RECORDS SHOWN -
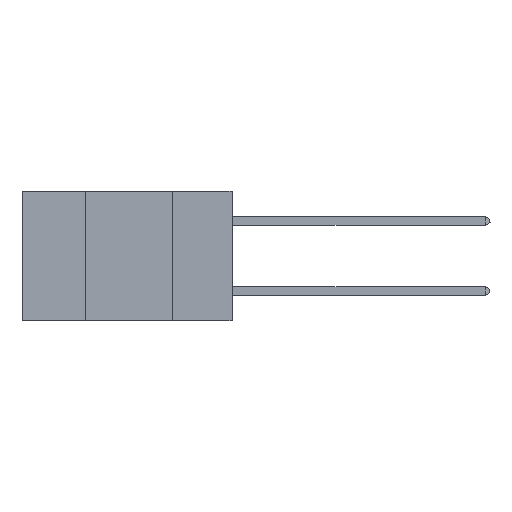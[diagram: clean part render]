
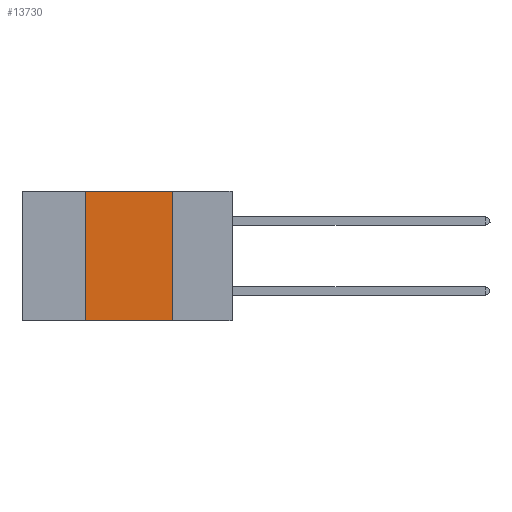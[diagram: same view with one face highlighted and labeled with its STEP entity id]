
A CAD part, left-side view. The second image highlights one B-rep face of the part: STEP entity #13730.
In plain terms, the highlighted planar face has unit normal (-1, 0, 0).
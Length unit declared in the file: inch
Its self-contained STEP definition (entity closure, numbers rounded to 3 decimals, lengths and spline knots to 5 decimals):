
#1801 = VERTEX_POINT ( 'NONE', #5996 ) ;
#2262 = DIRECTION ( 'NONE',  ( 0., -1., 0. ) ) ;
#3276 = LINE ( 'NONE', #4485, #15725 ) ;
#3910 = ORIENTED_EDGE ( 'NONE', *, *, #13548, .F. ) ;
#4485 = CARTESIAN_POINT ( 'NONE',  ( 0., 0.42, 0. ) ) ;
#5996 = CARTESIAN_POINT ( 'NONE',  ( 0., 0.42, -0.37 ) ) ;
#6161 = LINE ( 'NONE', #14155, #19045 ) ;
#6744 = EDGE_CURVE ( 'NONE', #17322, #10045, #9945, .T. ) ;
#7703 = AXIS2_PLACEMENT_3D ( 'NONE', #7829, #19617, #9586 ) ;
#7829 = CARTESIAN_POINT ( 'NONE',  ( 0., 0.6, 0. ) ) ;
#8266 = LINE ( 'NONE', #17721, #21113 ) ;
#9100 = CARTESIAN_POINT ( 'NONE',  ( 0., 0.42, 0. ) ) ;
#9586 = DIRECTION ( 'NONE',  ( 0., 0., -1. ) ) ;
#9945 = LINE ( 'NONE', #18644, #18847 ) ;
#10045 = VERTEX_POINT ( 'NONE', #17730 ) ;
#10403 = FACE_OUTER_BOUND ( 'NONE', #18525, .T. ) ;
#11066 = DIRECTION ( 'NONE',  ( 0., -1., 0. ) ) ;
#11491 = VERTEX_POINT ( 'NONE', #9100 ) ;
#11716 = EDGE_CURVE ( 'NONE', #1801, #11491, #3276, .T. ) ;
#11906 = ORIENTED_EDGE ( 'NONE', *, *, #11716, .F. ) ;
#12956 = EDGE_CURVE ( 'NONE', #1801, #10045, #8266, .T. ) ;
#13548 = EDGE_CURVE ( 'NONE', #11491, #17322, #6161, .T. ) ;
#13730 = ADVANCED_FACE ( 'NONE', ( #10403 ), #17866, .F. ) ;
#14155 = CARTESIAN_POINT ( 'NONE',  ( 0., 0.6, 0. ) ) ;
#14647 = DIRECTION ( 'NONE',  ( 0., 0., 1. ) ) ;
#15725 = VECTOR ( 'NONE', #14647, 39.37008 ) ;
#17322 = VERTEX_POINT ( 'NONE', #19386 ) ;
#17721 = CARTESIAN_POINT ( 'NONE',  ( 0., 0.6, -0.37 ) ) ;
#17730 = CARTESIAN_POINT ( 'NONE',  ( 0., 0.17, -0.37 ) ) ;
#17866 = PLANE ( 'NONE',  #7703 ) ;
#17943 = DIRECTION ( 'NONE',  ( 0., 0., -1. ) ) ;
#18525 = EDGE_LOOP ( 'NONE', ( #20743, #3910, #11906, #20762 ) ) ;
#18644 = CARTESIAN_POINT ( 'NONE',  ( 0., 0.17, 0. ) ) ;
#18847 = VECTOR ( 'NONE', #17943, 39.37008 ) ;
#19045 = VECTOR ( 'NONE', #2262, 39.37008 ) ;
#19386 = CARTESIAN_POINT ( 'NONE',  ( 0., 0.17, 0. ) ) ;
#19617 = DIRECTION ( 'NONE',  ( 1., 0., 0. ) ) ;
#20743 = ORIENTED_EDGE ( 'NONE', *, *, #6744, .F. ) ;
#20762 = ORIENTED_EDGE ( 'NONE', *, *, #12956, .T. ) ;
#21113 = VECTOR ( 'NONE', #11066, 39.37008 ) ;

INSTRUCTIONS TO FOLLOW - Everything from the line with "#17943 = DIRECTION" through the line with "#20743 = ORIENTED_EDGE" should be written out exactly as it appears above, end lines included, and nothing outside that range.

RESPONSE AREA -
#17943 = DIRECTION ( 'NONE',  ( 0., 0., -1. ) ) ;
#18525 = EDGE_LOOP ( 'NONE', ( #20743, #3910, #11906, #20762 ) ) ;
#18644 = CARTESIAN_POINT ( 'NONE',  ( 0., 0.17, 0. ) ) ;
#18847 = VECTOR ( 'NONE', #17943, 39.37008 ) ;
#19045 = VECTOR ( 'NONE', #2262, 39.37008 ) ;
#19386 = CARTESIAN_POINT ( 'NONE',  ( 0., 0.17, 0. ) ) ;
#19617 = DIRECTION ( 'NONE',  ( 1., 0., 0. ) ) ;
#20743 = ORIENTED_EDGE ( 'NONE', *, *, #6744, .F. ) ;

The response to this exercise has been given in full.